Adolph Katchko had masterfully crafted a cantorial line that blended the introspective zogakhts style with an outgoing long singing line, always in service of the text. Take, for instance, the signature Psalm of Friday night, Adonai Malakh (“God Reigns”).
The Psalm’s opening (lines 1-2) consists of three short phrases containing three words each. A subsequent single longer phrase of five words (line 2) counterbalances the three initial shorter ones with a jubilant trumpet call leading to the climactic word atah (“You”; referring to the Eternal One). Lines 3-4 re-use the pattern: three short phrases of three words each. This time they center around chromatically lowered 7th and 6th degrees (C, Bb), before resolving in an extended cadence on the tonic (D). This opening section can be seen as a modernization of the zogakhts approach; tone-painting short phrases— rather than individual words— in sequence, while maintaining an overarching form of antecedent-and-consequent half- verses.
Line 5 brings into play a long singing phrase.

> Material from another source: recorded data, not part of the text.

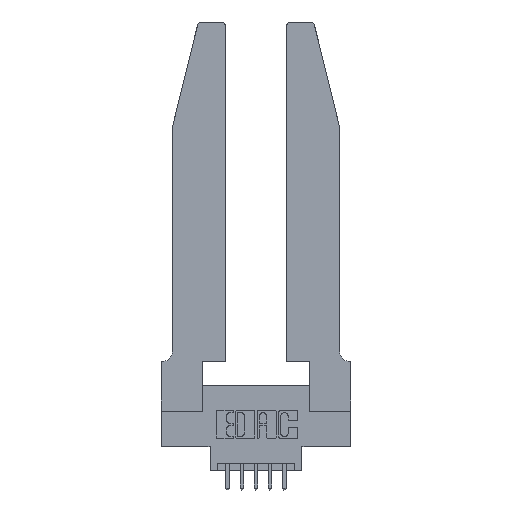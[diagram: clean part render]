
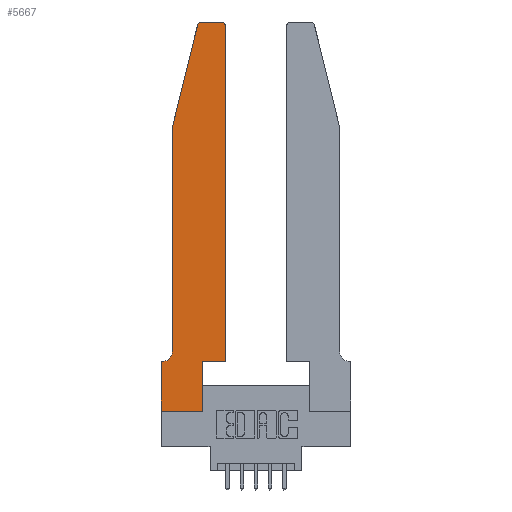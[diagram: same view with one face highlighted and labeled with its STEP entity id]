
A CAD part, top view. The second image highlights one B-rep face of the part: STEP entity #5667.
In plain terms, the highlighted planar face has unit normal (0, 0, 1).
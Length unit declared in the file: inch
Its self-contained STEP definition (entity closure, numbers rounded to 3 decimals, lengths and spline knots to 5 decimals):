
#4 = DIRECTION ( 'NONE',  ( 1., 0., 0. ) ) ;
#141 = VECTOR ( 'NONE', #9166, 39.37008 ) ;
#238 = LINE ( 'NONE', #2902, #11358 ) ;
#588 = CARTESIAN_POINT ( 'NONE',  ( 0.0755, 0.35, 0.37 ) ) ;
#594 = ORIENTED_EDGE ( 'NONE', *, *, #11141, .T. ) ;
#834 = DIRECTION ( 'NONE',  ( -1., 0., 0. ) ) ;
#885 = VERTEX_POINT ( 'NONE', #13201 ) ;
#962 = ORIENTED_EDGE ( 'NONE', *, *, #2790, .T. ) ;
#1181 = AXIS2_PLACEMENT_3D ( 'NONE', #13568, #7385, #834 ) ;
#1326 = DIRECTION ( 'NONE',  ( 0., 0., 1. ) ) ;
#1408 = ORIENTED_EDGE ( 'NONE', *, *, #4355, .T. ) ;
#1425 = DIRECTION ( 'NONE',  ( 0., -1., 0. ) ) ;
#1457 = LINE ( 'NONE', #11783, #10041 ) ;
#1467 = CARTESIAN_POINT ( 'NONE',  ( 0.0755, 2., 0.37 ) ) ;
#1706 = DIRECTION ( 'NONE',  ( 1., 0., 0. ) ) ;
#1748 = CARTESIAN_POINT ( 'NONE',  ( 0.2865, 0.35, 0.37 ) ) ;
#1940 = VECTOR ( 'NONE', #13599, 39.37008 ) ;
#2302 = ORIENTED_EDGE ( 'NONE', *, *, #7899, .T. ) ;
#2636 = ORIENTED_EDGE ( 'NONE', *, *, #11232, .T. ) ;
#2716 = EDGE_LOOP ( 'NONE', ( #1408, #4652, #2302, #10080, #2636, #594, #962, #4663, #4332, #12566, #7375, #9206 ) ) ;
#2720 = CARTESIAN_POINT ( 'NONE',  ( 0., 0., 0.37 ) ) ;
#2774 = VERTEX_POINT ( 'NONE', #11372 ) ;
#2790 = EDGE_CURVE ( 'NONE', #885, #5018, #6215, .T. ) ;
#2902 = CARTESIAN_POINT ( 'NONE',  ( 0.0755, 2., 0.37 ) ) ;
#3075 = LINE ( 'NONE', #5925, #141 ) ;
#3227 = VERTEX_POINT ( 'NONE', #7248 ) ;
#3809 = CIRCLE ( 'NONE', #10134, 0.03 ) ;
#3815 = EDGE_CURVE ( 'NONE', #9651, #10955, #12226, .T. ) ;
#3924 = DIRECTION ( 'NONE',  ( -1., 0., 0. ) ) ;
#4332 = ORIENTED_EDGE ( 'NONE', *, *, #12507, .T. ) ;
#4355 = EDGE_CURVE ( 'NONE', #10137, #9304, #3075, .T. ) ;
#4362 = CARTESIAN_POINT ( 'NONE',  ( 0.2865, 0., 0.37 ) ) ;
#4652 = ORIENTED_EDGE ( 'NONE', *, *, #13527, .T. ) ;
#4663 = ORIENTED_EDGE ( 'NONE', *, *, #12418, .T. ) ;
#4891 = VECTOR ( 'NONE', #3924, 39.37008 ) ;
#4986 = CIRCLE ( 'NONE', #6332, 0.03 ) ;
#5018 = VERTEX_POINT ( 'NONE', #2720 ) ;
#5087 = DIRECTION ( 'NONE',  ( 1., 0., 0. ) ) ;
#5465 = DIRECTION ( 'NONE',  ( 0., 1., 0. ) ) ;
#5641 = VERTEX_POINT ( 'NONE', #11292 ) ;
#5667 = ADVANCED_FACE ( 'NONE', ( #5974 ), #13345, .T. ) ;
#5925 = CARTESIAN_POINT ( 'NONE',  ( 0.2605, 2.75, 0.37 ) ) ;
#5974 = FACE_OUTER_BOUND ( 'NONE', #2716, .T. ) ;
#6215 = LINE ( 'NONE', #11280, #11470 ) ;
#6226 = LINE ( 'NONE', #10391, #8732 ) ;
#6332 = AXIS2_PLACEMENT_3D ( 'NONE', #7872, #1326, #8909 ) ;
#6341 = CARTESIAN_POINT ( 'NONE',  ( 0.2865, 0.35, 0.37 ) ) ;
#6353 = DIRECTION ( 'NONE',  ( 0., 0., 1. ) ) ;
#6500 = AXIS2_PLACEMENT_3D ( 'NONE', #7137, #8232, #1706 ) ;
#6786 = CIRCLE ( 'NONE', #1181, 0.07 ) ;
#7137 = CARTESIAN_POINT ( 'NONE',  ( 0., 0.35, 0.37 ) ) ;
#7248 = CARTESIAN_POINT ( 'NONE',  ( 0.0055, 0.35, 0.37 ) ) ;
#7375 = ORIENTED_EDGE ( 'NONE', *, *, #11894, .T. ) ;
#7385 = DIRECTION ( 'NONE',  ( 0., 0., -1. ) ) ;
#7695 = CARTESIAN_POINT ( 'NONE',  ( 0.4505, 0.35, 0.37 ) ) ;
#7797 = LINE ( 'NONE', #588, #4891 ) ;
#7872 = CARTESIAN_POINT ( 'NONE',  ( 0.4205, 2.72, 0.37 ) ) ;
#7899 = EDGE_CURVE ( 'NONE', #11291, #9651, #238, .T. ) ;
#7977 = CARTESIAN_POINT ( 'NONE',  ( 0.0755, 0.42, 0.37 ) ) ;
#8232 = DIRECTION ( 'NONE',  ( 0., 0., 1. ) ) ;
#8371 = VERTEX_POINT ( 'NONE', #1748 ) ;
#8732 = VECTOR ( 'NONE', #5087, 39.37008 ) ;
#8909 = DIRECTION ( 'NONE',  ( 1., 0., 0. ) ) ;
#9166 = DIRECTION ( 'NONE',  ( -1., 0., 0. ) ) ;
#9206 = ORIENTED_EDGE ( 'NONE', *, *, #13704, .T. ) ;
#9304 = VERTEX_POINT ( 'NONE', #9733 ) ;
#9651 = VERTEX_POINT ( 'NONE', #9866 ) ;
#9733 = CARTESIAN_POINT ( 'NONE',  ( 0.284, 2.75, 0.37 ) ) ;
#9866 = CARTESIAN_POINT ( 'NONE',  ( 0.0755, 2., 0.37 ) ) ;
#10041 = VECTOR ( 'NONE', #5465, 39.37008 ) ;
#10080 = ORIENTED_EDGE ( 'NONE', *, *, #3815, .T. ) ;
#10134 = AXIS2_PLACEMENT_3D ( 'NONE', #12602, #6353, #13615 ) ;
#10137 = VERTEX_POINT ( 'NONE', #13689 ) ;
#10151 = VECTOR ( 'NONE', #1425, 39.37008 ) ;
#10391 = CARTESIAN_POINT ( 'NONE',  ( 0., 0., 0.37 ) ) ;
#10578 = CARTESIAN_POINT ( 'NONE',  ( 0.25487, 2.72718, 0.37 ) ) ;
#10760 = VERTEX_POINT ( 'NONE', #4362 ) ;
#10827 = EDGE_CURVE ( 'NONE', #8371, #5641, #11812, .T. ) ;
#10955 = VERTEX_POINT ( 'NONE', #7977 ) ;
#11141 = EDGE_CURVE ( 'NONE', #3227, #885, #7797, .T. ) ;
#11232 = EDGE_CURVE ( 'NONE', #10955, #3227, #6786, .T. ) ;
#11246 = DIRECTION ( 'NONE',  ( 0., -1., 0. ) ) ;
#11280 = CARTESIAN_POINT ( 'NONE',  ( 0., 0., 0.37 ) ) ;
#11291 = VERTEX_POINT ( 'NONE', #10578 ) ;
#11292 = CARTESIAN_POINT ( 'NONE',  ( 0.4505, 0.35, 0.37 ) ) ;
#11358 = VECTOR ( 'NONE', #13476, 39.37008 ) ;
#11372 = CARTESIAN_POINT ( 'NONE',  ( 0.4505, 2.72, 0.37 ) ) ;
#11470 = VECTOR ( 'NONE', #11246, 39.37008 ) ;
#11500 = VECTOR ( 'NONE', #4, 39.37008 ) ;
#11783 = CARTESIAN_POINT ( 'NONE',  ( 0.4505, 0.35, 0.37 ) ) ;
#11812 = LINE ( 'NONE', #7695, #11500 ) ;
#11894 = EDGE_CURVE ( 'NONE', #5641, #2774, #1457, .T. ) ;
#12226 = LINE ( 'NONE', #1467, #10151 ) ;
#12418 = EDGE_CURVE ( 'NONE', #5018, #10760, #6226, .T. ) ;
#12507 = EDGE_CURVE ( 'NONE', #10760, #8371, #13236, .T. ) ;
#12566 = ORIENTED_EDGE ( 'NONE', *, *, #10827, .T. ) ;
#12602 = CARTESIAN_POINT ( 'NONE',  ( 0.284, 2.72, 0.37 ) ) ;
#13201 = CARTESIAN_POINT ( 'NONE',  ( 0., 0.35, 0.37 ) ) ;
#13236 = LINE ( 'NONE', #6341, #1940 ) ;
#13345 = PLANE ( 'NONE',  #6500 ) ;
#13476 = DIRECTION ( 'NONE',  ( -0.239, -0.971, 0. ) ) ;
#13527 = EDGE_CURVE ( 'NONE', #9304, #11291, #3809, .T. ) ;
#13568 = CARTESIAN_POINT ( 'NONE',  ( 0.0055, 0.42, 0.37 ) ) ;
#13599 = DIRECTION ( 'NONE',  ( 0., 1., 0. ) ) ;
#13615 = DIRECTION ( 'NONE',  ( 1., 0., 0. ) ) ;
#13689 = CARTESIAN_POINT ( 'NONE',  ( 0.4205, 2.75, 0.37 ) ) ;
#13704 = EDGE_CURVE ( 'NONE', #2774, #10137, #4986, .T. ) ;

It visits the 4th degree (G). Its six words are answered by a shorter phrase (line 6) whose three words bloom melismatically to depict the awesome might of God on high (adir bamarom adonai). Line 8 returns to the original tonality (D) via a leap to the octave (D) — Katchko’s heroic upper-middle register — on the final word. The composition ends in the welcoming calm of Kabbalat Shabbat nusah with two so-called “Mi-Sinai Tunes.” These pertain to sacred melodic fragments so old that Ashkenazic synagogue tradition venerates them as if they were given to Moses at Sinai, along with the other Commandments. The two cited here appear on the words I’orekh yamim (“God is eternal”). They are the High Holiday “Aleinu” motif, and the t’lishah g’dolah motif for cantillating Torah. An Ossia option for higher voices also cites the latter motif at the octave.
Adolph Katchko’s three-volume Thesaurus of Cantor ial Liturgy— Otsar ha-hazzanut, published by the Sacred Music Press, continues to be available from Hebrew Union College. It remains a much-sought-after source of material for younger hazzanim, essential to the effective fulfillment of their sacred calling. Similarly indispensable should be this loving documentation of the Master’s tradition, brought to us by Deborah, the third generation of Katchko hazzanim. Her name takes its root, d-b-r, from the verb “speak.” Like her namesake, the biblical prophetess who “arose to speak in song,” she has gifted her generation not only with a lasting model of sacred song, but also with the manner in which two preceding generations— her father and grandfather — sang it before God and Israel in prayer.
Robert S. Scherr is Hazzan Emeritus of Temple Israel in Natick, Massachusetts. He currently serves as the Jewish Chaplain for Williams College in Williamstown, MA, and as Chair of Placement and Human Resources for the Cantors Assembly.